Cheever worked for 22 years at Argonne National Laboratory in Lemont, working her way up to the position of executive secretary for the deputy lab director.

Mary Cheever marveled that her mother's time at Argonne overlapped with her time as mayor.

"Betty could talk to you, read a document and type it at the same time. She was amazing that way," remembers friend Nancy Peraino.

"She was a woman in a more contemporary age who could have been the CEO of an international corporation," Peraino said. "She was that good."

Lyle Cheever, Betty Cheever's husband, says his wife's involvement with the League of Women Voters got her interested in politics.

She served as president of what is now the League of Women Voters of Downers Grove, Woodridge, Lisle from 1969 to 1973. She was a member of the board of the Illinois League of Women Voters from 1974 to 1977.

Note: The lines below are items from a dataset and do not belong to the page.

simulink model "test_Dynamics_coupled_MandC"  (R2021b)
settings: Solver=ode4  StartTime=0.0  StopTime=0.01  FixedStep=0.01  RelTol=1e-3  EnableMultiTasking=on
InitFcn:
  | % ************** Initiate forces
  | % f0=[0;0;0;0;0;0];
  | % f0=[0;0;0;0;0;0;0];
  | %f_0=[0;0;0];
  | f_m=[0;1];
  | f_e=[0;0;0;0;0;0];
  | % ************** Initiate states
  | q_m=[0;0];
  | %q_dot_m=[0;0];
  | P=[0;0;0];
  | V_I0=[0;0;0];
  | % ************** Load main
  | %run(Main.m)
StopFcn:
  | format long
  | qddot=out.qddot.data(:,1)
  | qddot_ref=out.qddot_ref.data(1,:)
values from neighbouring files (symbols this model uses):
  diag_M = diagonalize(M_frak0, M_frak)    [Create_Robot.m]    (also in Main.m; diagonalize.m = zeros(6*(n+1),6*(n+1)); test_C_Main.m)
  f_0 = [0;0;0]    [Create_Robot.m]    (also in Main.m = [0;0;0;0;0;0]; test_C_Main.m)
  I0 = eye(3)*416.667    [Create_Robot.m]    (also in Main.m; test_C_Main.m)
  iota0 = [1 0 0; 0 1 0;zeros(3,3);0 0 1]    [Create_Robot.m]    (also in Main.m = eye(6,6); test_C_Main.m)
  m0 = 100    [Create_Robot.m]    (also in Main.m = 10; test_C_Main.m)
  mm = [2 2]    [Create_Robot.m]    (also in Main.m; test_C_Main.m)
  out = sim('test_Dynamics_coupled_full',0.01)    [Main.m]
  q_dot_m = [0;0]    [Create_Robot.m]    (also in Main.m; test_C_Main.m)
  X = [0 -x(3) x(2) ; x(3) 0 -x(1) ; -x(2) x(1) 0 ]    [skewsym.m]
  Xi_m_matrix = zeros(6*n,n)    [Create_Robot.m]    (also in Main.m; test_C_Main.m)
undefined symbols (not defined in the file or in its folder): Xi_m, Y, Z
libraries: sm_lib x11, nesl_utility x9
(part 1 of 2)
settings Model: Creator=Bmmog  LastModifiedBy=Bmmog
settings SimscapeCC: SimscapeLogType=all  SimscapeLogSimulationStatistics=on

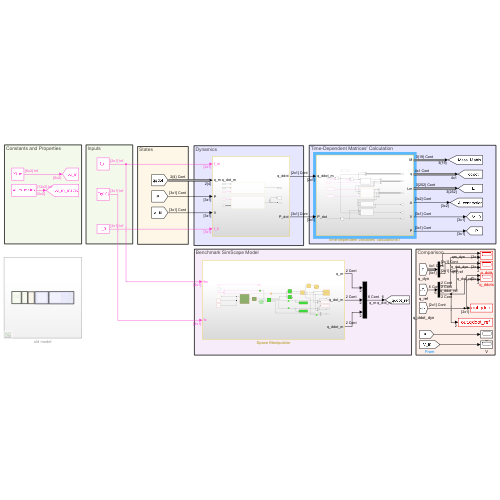
[thumbnail: Simulink's stored preview of the top-level diagram]
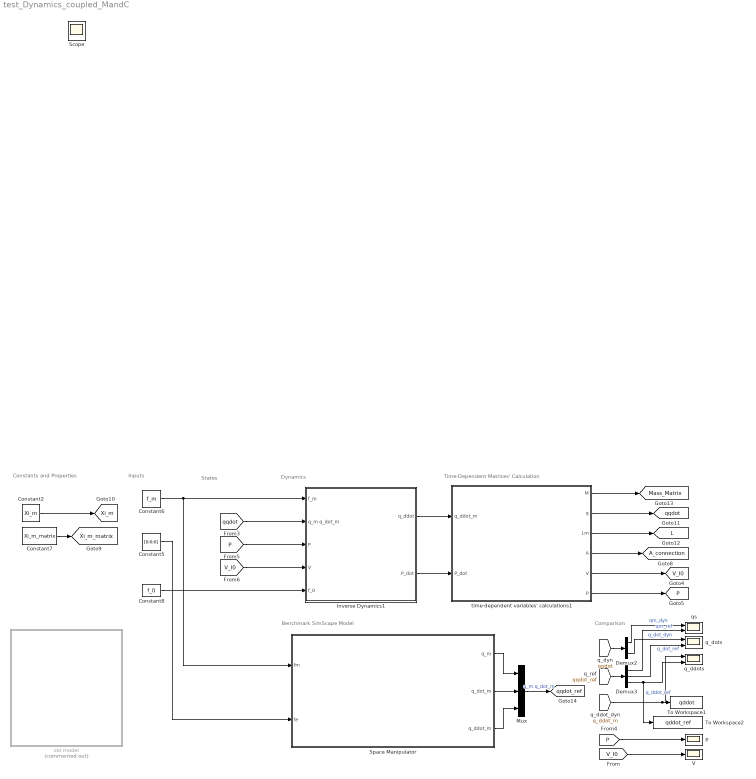
== system test_Dynamics_coupled_MandC ==
  note: States
  note: Constants and Properties
  note: Benchmark SimScape Model
  note: Comparison
  note: Inputs
  note: Dynamics
  note: Time-Dependent Matrices' Calculation
  Constant2 : Constant  Value=Xi_m  VectorParams1D=off
  Constant5 : Constant  Value=[0;0;0]  VectorParams1D=off
  Constant6 : Constant  Value=f_m  VectorParams1D=off
  Constant7 : Constant  Value=Xi_m_matrix  VectorParams1D=off
  Constant8 : Constant  Value=f_0  VectorParams1D=off
  Demux2 : Demux  Outputs=2
  Demux3 : Demux  Outputs=3
  Inverse Dynamics1 : Subsystem
  Mux : Mux  Inputs=3
  P : Scope
  Space Manipulator : Subsystem
  To Workspace1 : ToWorkspace  VariableName=qddot  SaveFormat=Timeseries  SampleTime=-1
  To Workspace2 : ToWorkspace  VariableName=qddot_ref  SaveFormat=Timeseries  SampleTime=-1
  V : Scope
  old model : Subsystem  Commented=on
  q_ddots : Scope  NumInputPorts=2
  q_dots : Scope  NumInputPorts=2
  qs : Scope  NumInputPorts=2
  time-dependent variables' calculations1 : Subsystem
  Scope : Scope
  tag scope: A_connection=global, L=global, Mass_Matrix=global, P=global, V_I0=global, Xi_m=global, Xi_m_matrix=global, qqdot=global, qqdot_ref=global
  wires:
  [V_I0] -> Inverse Dynamics1/4(V)
  Demux2/2 -> q_dots/1  "q_dot_dyn"
  Mux/1 -> [qqdot_ref]  "q_m q_dot_m"
  Space Manipulator/1(q_m) -> Mux/1
  [qqdot] -> Inverse Dynamics1/2(q_m q_dot_m)
  [q_ddot_m] -> q_ddots/1, To Workspace1/1
  Space Manipulator/2(q_dot_m) -> Mux/2
  Constant6/1 -> Space Manipulator/1(fm), Inverse Dynamics1/1(f_m)
  time-dependent variables' calculations1/1(M) -> [Mass_Matrix]
  Constant2/1 -> [Xi_m]
  [qqdot_ref] -> Demux3/1
  Demux3/1 -> qs/2  "qm_ref"
  [qqdot] -> Demux2/1
  Inverse Dynamics1/1(q_ddot) -> time-dependent variables' calculations1/1(q_ddot_m)
  Demux2/1 -> qs/1  "qm_dyn"
  Constant7/1 -> [Xi_m_matrix]
  Constant5/1 -> Space Manipulator/2(fe)
  Demux3/2 -> q_dots/2  "q_dot_ref"
  time-dependent variables' calculations1/2(q) -> [qqdot]
  Space Manipulator/3(q_ddot_m) -> Mux/3
  [P] -> Inverse Dynamics1/3(P)
  Constant8/1 -> Inverse Dynamics1/5(f_0)
  time-dependent variables' calculations1/6(P) -> [P]
  Inverse Dynamics1/2(P_dot) -> time-dependent variables' calculations1/2(P_dot)
  time-dependent variables' calculations1/3(Lm) -> [L]
  Demux3/3 -> To Workspace2/1, q_ddots/2  "q_ddot_ref"
  time-dependent variables' calculations1/5(V) -> [V_I0]
  time-dependent variables' calculations1/4(A) -> [A_connection]
  [P] -> P/1
  [V_I0] -> V/1

== system test_Dynamics_coupled_MandC/Inverse Dynamics1 ==
  f_m : Inport
  q_m q_dot_m : Inport  Port=2
  P : Inport  Port=3
  V : Inport  Port=4
  f_0 : Inport  Port=5
  Euler Poincare : Subsystem
  Internal Dynamics : Subsystem
  q_ddot : Outport
  P_dot : Outport  Port=2
  tag scope: q_ddot_m=global
  wires:
  f_m/1 -> Internal Dynamics/1(f_m)
  q_m q_dot_m/1 -> Internal Dynamics/2(q_m q_dot_m)
  Internal Dynamics/1(q_ddot) -> [q_ddot_m], q_ddot/1  "q_ddot"
  Euler Poincare/1(P_dot) -> P_dot/1  "P_dot"
  f_0/1 -> Euler Poincare/3(f_0)
  P/1 -> Euler Poincare/1(P)
  V/1 -> Euler Poincare/2(V)

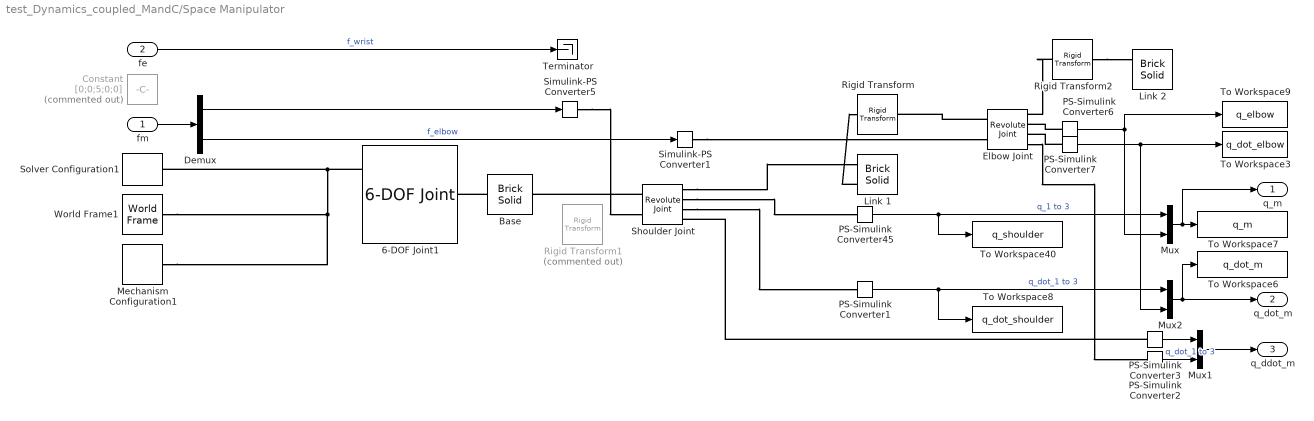
== system test_Dynamics_coupled_MandC/Space Manipulator ==
  fm : Inport
  fe : Inport  Port=2
  6-DOF Joint1 : sm_lib/Joints/6-DOF Joint  JointMode=Normal  SenseConstraintForce=off  SenseConstraintForceX=off  SenseConstraintForceY=off  SenseConstraintForceZ=off  SenseConstraintTorque=off  SenseConstraintTorqueX=off  SenseConstraintTorqueY=off  SenseConstraintTorqueZ=off  SenseTotalForce=off  SenseTotalForceX=off  SenseTotalForceY=off  SenseTotalForceZ=off  SenseTotalTorque=off  SenseTotalTorqueX=off  SenseTotalTorqueY=off  SenseTotalTorqueZ=off  CompositeWrenchDir=FollowerOnBase  CompositeWrenchFrame=BaseFrame  PxEquilibriumPosition=0  PxEquilibriumPositionUnits=m  PxSpringStiffness=0  PxSpringStiffnessUnits=N/m  PxDampingCoefficient=0  PxDampingCoefficientUnits=N/(m/s)  PxTorqueActuationMode=InputTorque  PxMotionActuationMode=ComputedMotion  PxSensePosition=off  PxSenseVelocity=off  PxSenseAcceleration=off  PxSenseTorqueForce=off  PxSenseLowerLimitTorqueForce=off  PxSenseUpperLimitTorqueForce=off  PxLowerLimitSpecify=off  PxLowerLimitBound=-1  PxLowerLimitBoundUnits=m  PxLowerLimitStiffness=1e6  PxLowerLimitStiffnessUnits=N/m  PxLowerLimitDamping=1e3  PxLowerLimitDampingUnits=N/(m/s)  PxLowerLimitTransitionRegionWidth=1e-4  PxLowerLimitTransitionRegionWidthUnits=m  PxUpperLimitSpecify=off  PxUpperLimitBound=1  PxUpperLimitBoundUnits=m  PxUpperLimitStiffness=1e6  PxUpperLimitStiffnessUnits=N/m  PxUpperLimitDamping=1e3  PxUpperLimitDampingUnits=N/(m/s)  PxUpperLimitTransitionRegionWidth=1e-4  PxUpperLimitTransitionRegionWidthUnits=m  PxPositionTargetSpecify=on  PxPositionTargetPriority=High  PxPositionTargetValue=0  PxPositionTargetValueUnits=m  PxVelocityTargetSpecify=off  PxVelocityTargetPriority=High  PxVelocityTargetValue=0  PxVelocityTargetValueUnits=m/s  PyEquilibriumPosition=0  PyEquilibriumPositionUnits=m  PySpringStiffness=0  PySpringStiffnessUnits=N/m  PyDampingCoefficient=0  PyDampingCoefficientUnits=N/(m/s)  PyTorqueActuationMode=NoTorque  PyMotionActuationMode=ComputedMotion  PySensePosition=off  PySenseVelocity=off  PySenseAcceleration=off  PySenseTorqueForce=off  PySenseLowerLimitTorqueForce=off  PySenseUpperLimitTorqueForce=off  PyLowerLimitSpecify=off  PyLowerLimitBound=-1  PyLowerLimitBoundUnits=m  PyLowerLimitStiffness=1e6  PyLowerLimitStiffnessUnits=N/m  PyLowerLimitDamping=1e3  PyLowerLimitDampingUnits=N/(m/s)  PyLowerLimitTransitionRegionWidth=1e-4  PyLowerLimitTransitionRegionWidthUnits=m  PyUpperLimitSpecify=off  PyUpperLimitBound=1  PyUpperLimitBoundUnits=m  PyUpperLimitStiffness=1e6  PyUpperLimitStiffnessUnits=N/m  PyUpperLimitDamping=1e3  PyUpperLimitDampingUnits=N/(m/s)  PyUpperLimitTransitionRegionWidth=1e-4  PyUpperLimitTransitionRegionWidthUnits=m  PyPositionTargetSpecify=on  PyPositionTargetPriority=High  PyPositionTargetValue=0  PyPositionTargetValueUnits=m  PyVelocityTargetSpecify=off  PyVelocityTargetPriority=High  PyVelocityTargetValue=0  PyVelocityTargetValueUnits=m/s  PzEquilibriumPosition=0  PzEquilibriumPositionUnits=m  PzSpringStiffness=0  PzSpringStiffnessUnits=N/m  PzDampingCoefficient=0  PzDampingCoefficientUnits=N/(m/s)  PzTorqueActuationMode=NoTorque  PzMotionActuationMode=ComputedMotion  PzSensePosition=off  PzSenseVelocity=off  PzSenseAcceleration=off  PzSenseTorqueForce=off  PzSenseLowerLimitTorqueForce=off  PzSenseUpperLimitTorqueForce=off  PzLowerLimitSpecify=off  PzLowerLimitBound=-1  PzLowerLimitBoundUnits=m  PzLowerLimitStiffness=1e6  PzLowerLimitStiffnessUnits=N/m  PzLowerLimitDamping=1e3  PzLowerLimitDampingUnits=N/(m/s)  PzLowerLimitTransitionRegionWidth=1e-4  PzLowerLimitTransitionRegionWidthUnits=m  PzUpperLimitSpecify=off  PzUpperLimitBound=1  PzUpperLimitBoundUnits=m  PzUpperLimitStiffness=1e6  PzUpperLimitStiffnessUnits=N/m  PzUpperLimitDamping=1e3  PzUpperLimitDampingUnits=N/(m/s)  PzUpperLimitTransitionRegionWidth=1e-4  PzUpperLimitTransitionRegionWidthUnits=m  PzPositionTargetSpecify=on  PzPositionTargetPriority=High  PzPositionTargetValue=0  PzPositionTargetValueUnits=m  PzVelocityTargetSpecify=off  PzVelocityTargetPriority=High  PzVelocityTargetValue=0  PzVelocityTargetValueUnits=m/s  SphDefPosRotationMethod=None  SphDefPosRotationAngleUnits=deg  SphDefPosRotationStandardAxis=+Z  SphDefPosRotationAngle=0.0  SphDefPosRotationArbitraryAxis=[0 0 1]  SphDefPosFollAlignAxisA=+X  SphDefPosBaseAlignAxisA=+Y  SphDefPosFollAlignAxisB=+Y  SphDefPosBaseAlignAxisB=+Z  SphDefPosRotationSequenceAxes=FollowerAxes  SphDefPosRotationSequence=XYX  SphDefPosRotationSequenceAngles=[0 0 0]  SphDefPosRotationSequenceAnglesUnits=deg  SphDefPosRotationMatrix=[1 0 0; 0 1 0; 0 0 1]  SphEqPosRotationMethod=None  SphEqPosRotationAngleUnits=deg  SphEqPosRotationStandardAxis=+Z  SphEqPosRotationAngle=0.0  SphEqPosRotationArbitraryAxis=[0 0 1]  SphEqPosFollAlignAxisA=+X  SphEqPosBaseAlignAxisA=+Y  SphEqPosFollAlignAxisB=+Y  SphEqPosBaseAlignAxisB=+Z  SphEqPosRotationSequenceAxes=FollowerAxes  SphEqPosRotationSequence=XYX  SphEqPosRotationSequenceAngles=[0 0 0]  SphEqPosRotationSequenceAnglesUnits=deg  SphEqPosRotationMatrix=[1 0 0; 0 1 0; 0 0 1]  SphSpringStiffness=0  SphSpringStiffnessUnits=N*m/deg  SphDampingCoefficient=0  SphDampingCoefficientUnits=N*m/(deg/s)  SphActuateTorqueX=off  SphActuateTorqueY=off  SphActuateTorqueZ=off  SphActuateTorque=off  SphTorqueActuationMode=NoTorque  SphMotionActuationMode=ComputedMotion  SphActuationFrame=BaseFrame  SphSensePosition=off  SphSenseVelocityX=off  SphSenseVelocityY=off  SphSenseVelocityZ=off  SphSenseVelocity=off  SphSenseAccelerationX=off  SphSenseAccelerationY=off  SphSenseAccelerationZ=off  SphSenseAcceleration=off  SphSenseTorqueX=off  SphSenseTorqueY=off  SphSenseTorqueZ=off  SphSenseTorqueForce=off  SphSenseLowerLimitTorqueMag=off  SphSenseUpperLimitTorqueMag=off  SphSensingFrame=BaseFrame  SphLowerLimitSpecify=off  SphLowerLimitBound=15  SphLowerLimitBoundUnits=deg  SphLowerLimitStiffness=1e4  SphLowerLimitStiffnessUnits=N*m/deg  SphLowerLimitDamping=10  SphLowerLimitDampingUnits=N*m/(deg/s)  SphLowerLimitTransitionRegionWidth=0.1  SphLowerLimitTransitionRegionWidthUnits=deg  SphUpperLimitSpecify=off  SphUpperLimitBound=45  SphUpperLimitBoundUnits=deg  SphUpperLimitStiffness=1e4  SphUpperLimitStiffnessUnits=N*m/deg  SphUpperLimitDamping=10  SphUpperLimitDampingUnits=N*m/(deg/s)  SphUpperLimitTransitionRegionWidth=0.1  SphUpperLimitTransitionRegionWidthUnits=deg  SphPositionTargetRotationMethod=RotationSequence  SphPositionTargetRotationAngleUnits=deg  SphPositionTargetRotationStandardAxis=+Z  SphPositionTargetRotationAngle=0.0  SphPositionTargetRotationArbitraryAxis=[0 0 1]  SphPositionTargetFollAlignAxisA=+X  SphPositionTargetBaseAlignAxisA=+Y  SphPositionTargetFollAlignAxisB=+Y  SphPositionTargetBaseAlignAxisB=+Z  SphPositionTargetRotationSequenceAxes=FollowerAxes  SphPositionTargetRotationSequence=ZYX  SphPositionTargetRotationSequenceAngles=[0 0 0]  SphPositionTargetRotationSequenceAnglesUnits=deg  SphPositionTargetRotationMatrix=[1 0 0; 0 1 0; 0 0 1]  SphPositionTargetSpecify=off  SphPositionTargetPriority=High  SphVelocityTargetValue=[0 0.5 0.5]  SphVelocityTargetValueUnits=rad/s  SphVelocityTargetSpecify=off  SphVelocityTargetPriority=High  SphVelocityTargetInFollowerFrame=on
  Base : sm_lib/Body Elements/Brick Solid  GraphicAmbientColor=[0.15 0.15 0.15 1.0]  BasedOnType=Mass  BrickDimensions=[5, 5, 5]  BrickDimensionUnits=m  CenterOfMass=[0 0 0]  CenterOfMassUnits=m  GraphicDiffuseColor=[0.5 0.5 0.5]  Density=1000  DensityUnits=kg/m^3  DoExposeReferenceFrame=on  GraphicEmissiveColor=[0.0 0.0 0.0 1.0]  ExportEntireGeometry=off  SerializedFrames=<Frames><Frame><Id>Frame1</Id><Value><Name>F1</Name><Origin><Source>GeometricFeature</Source><FeatureName>+z surface</FeatureName></Origin><PrimaryAxis><DefinedDirection>+X</DefinedDirection><Source>ReferenceFrame</Source><SourceDirection>+Z</SourceDirection><FeatureName></FeatureName></PrimaryAxis><SecondaryAxis><DefinedDirection>+Z</DefinedDirection><Source>ReferenceFrame</Source><SourceDirection>+X</SourceDirection><FeatureName></FeatureName></SecondaryAxis></Value></Frame></Frames>  MarkerShape=Sphere  MarkerSize=10  GraphicType=FromGeometry  InertiaType=Custom  Mass=m0  MassUnits=kg  MomentsOfInertia=[I0(1,1) I0(2,2) I0(3,3)]  MomentsOfInertiaUnits=kg*m^2  GraphicOpacity=1.0  ProductsOfInertia=[0 0 0]  ProductsOfInertiaUnits=kg*m^2  GraphicShininess=75  GraphicSpecularColor=[0.5 0.5 0.5 1.0]  GraphicVisPropType=SimpleVisualProperties
  Constant : Constant  Commented=on  Value=[0;0;5;0;0]
  Demux : Demux  Outputs=2
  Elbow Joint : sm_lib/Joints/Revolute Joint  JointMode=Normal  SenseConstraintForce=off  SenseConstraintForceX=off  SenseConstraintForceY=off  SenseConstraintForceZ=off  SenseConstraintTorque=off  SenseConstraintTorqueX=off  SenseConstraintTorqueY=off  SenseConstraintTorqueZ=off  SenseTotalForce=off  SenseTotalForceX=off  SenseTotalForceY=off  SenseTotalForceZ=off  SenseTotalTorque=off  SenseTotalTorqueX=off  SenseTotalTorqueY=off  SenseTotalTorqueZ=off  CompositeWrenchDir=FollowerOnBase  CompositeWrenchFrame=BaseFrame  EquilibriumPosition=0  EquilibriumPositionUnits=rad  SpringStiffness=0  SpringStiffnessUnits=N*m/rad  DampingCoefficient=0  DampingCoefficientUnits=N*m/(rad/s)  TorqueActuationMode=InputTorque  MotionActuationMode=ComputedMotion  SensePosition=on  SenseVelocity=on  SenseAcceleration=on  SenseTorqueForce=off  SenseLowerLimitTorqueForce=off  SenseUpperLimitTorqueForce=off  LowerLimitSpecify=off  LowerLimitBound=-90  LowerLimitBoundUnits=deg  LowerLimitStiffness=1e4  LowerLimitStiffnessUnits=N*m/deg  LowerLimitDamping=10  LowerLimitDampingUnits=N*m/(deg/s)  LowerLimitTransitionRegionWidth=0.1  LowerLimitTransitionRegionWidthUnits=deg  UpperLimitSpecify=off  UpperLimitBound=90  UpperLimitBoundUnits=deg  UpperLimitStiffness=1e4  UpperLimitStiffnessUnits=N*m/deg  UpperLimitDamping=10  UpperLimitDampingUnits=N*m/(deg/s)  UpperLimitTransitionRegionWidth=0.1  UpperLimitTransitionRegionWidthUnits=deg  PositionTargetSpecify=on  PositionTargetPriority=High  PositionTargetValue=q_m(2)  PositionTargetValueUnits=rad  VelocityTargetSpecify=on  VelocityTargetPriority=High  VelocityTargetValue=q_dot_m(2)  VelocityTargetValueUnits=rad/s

Betty Cheever was also known as a voting rights advocate, continuing to register voters into her retirement.

"She would recognize somebody who needed help and would go out her way to help them," Lyle Cheever said.

In April 2017, the Pierce Downer's Heritage Alliance dedicated a bench to Cheever in Lyman Woods. A plaque specifically cites her "lifetime of leadership in civic causes including her key role in achieving public ownership of the Lyman Woods Preserve."

Because of the COVID-19 pandemic, a memorial service for Cheever is expected to take place sometime in spring or summer.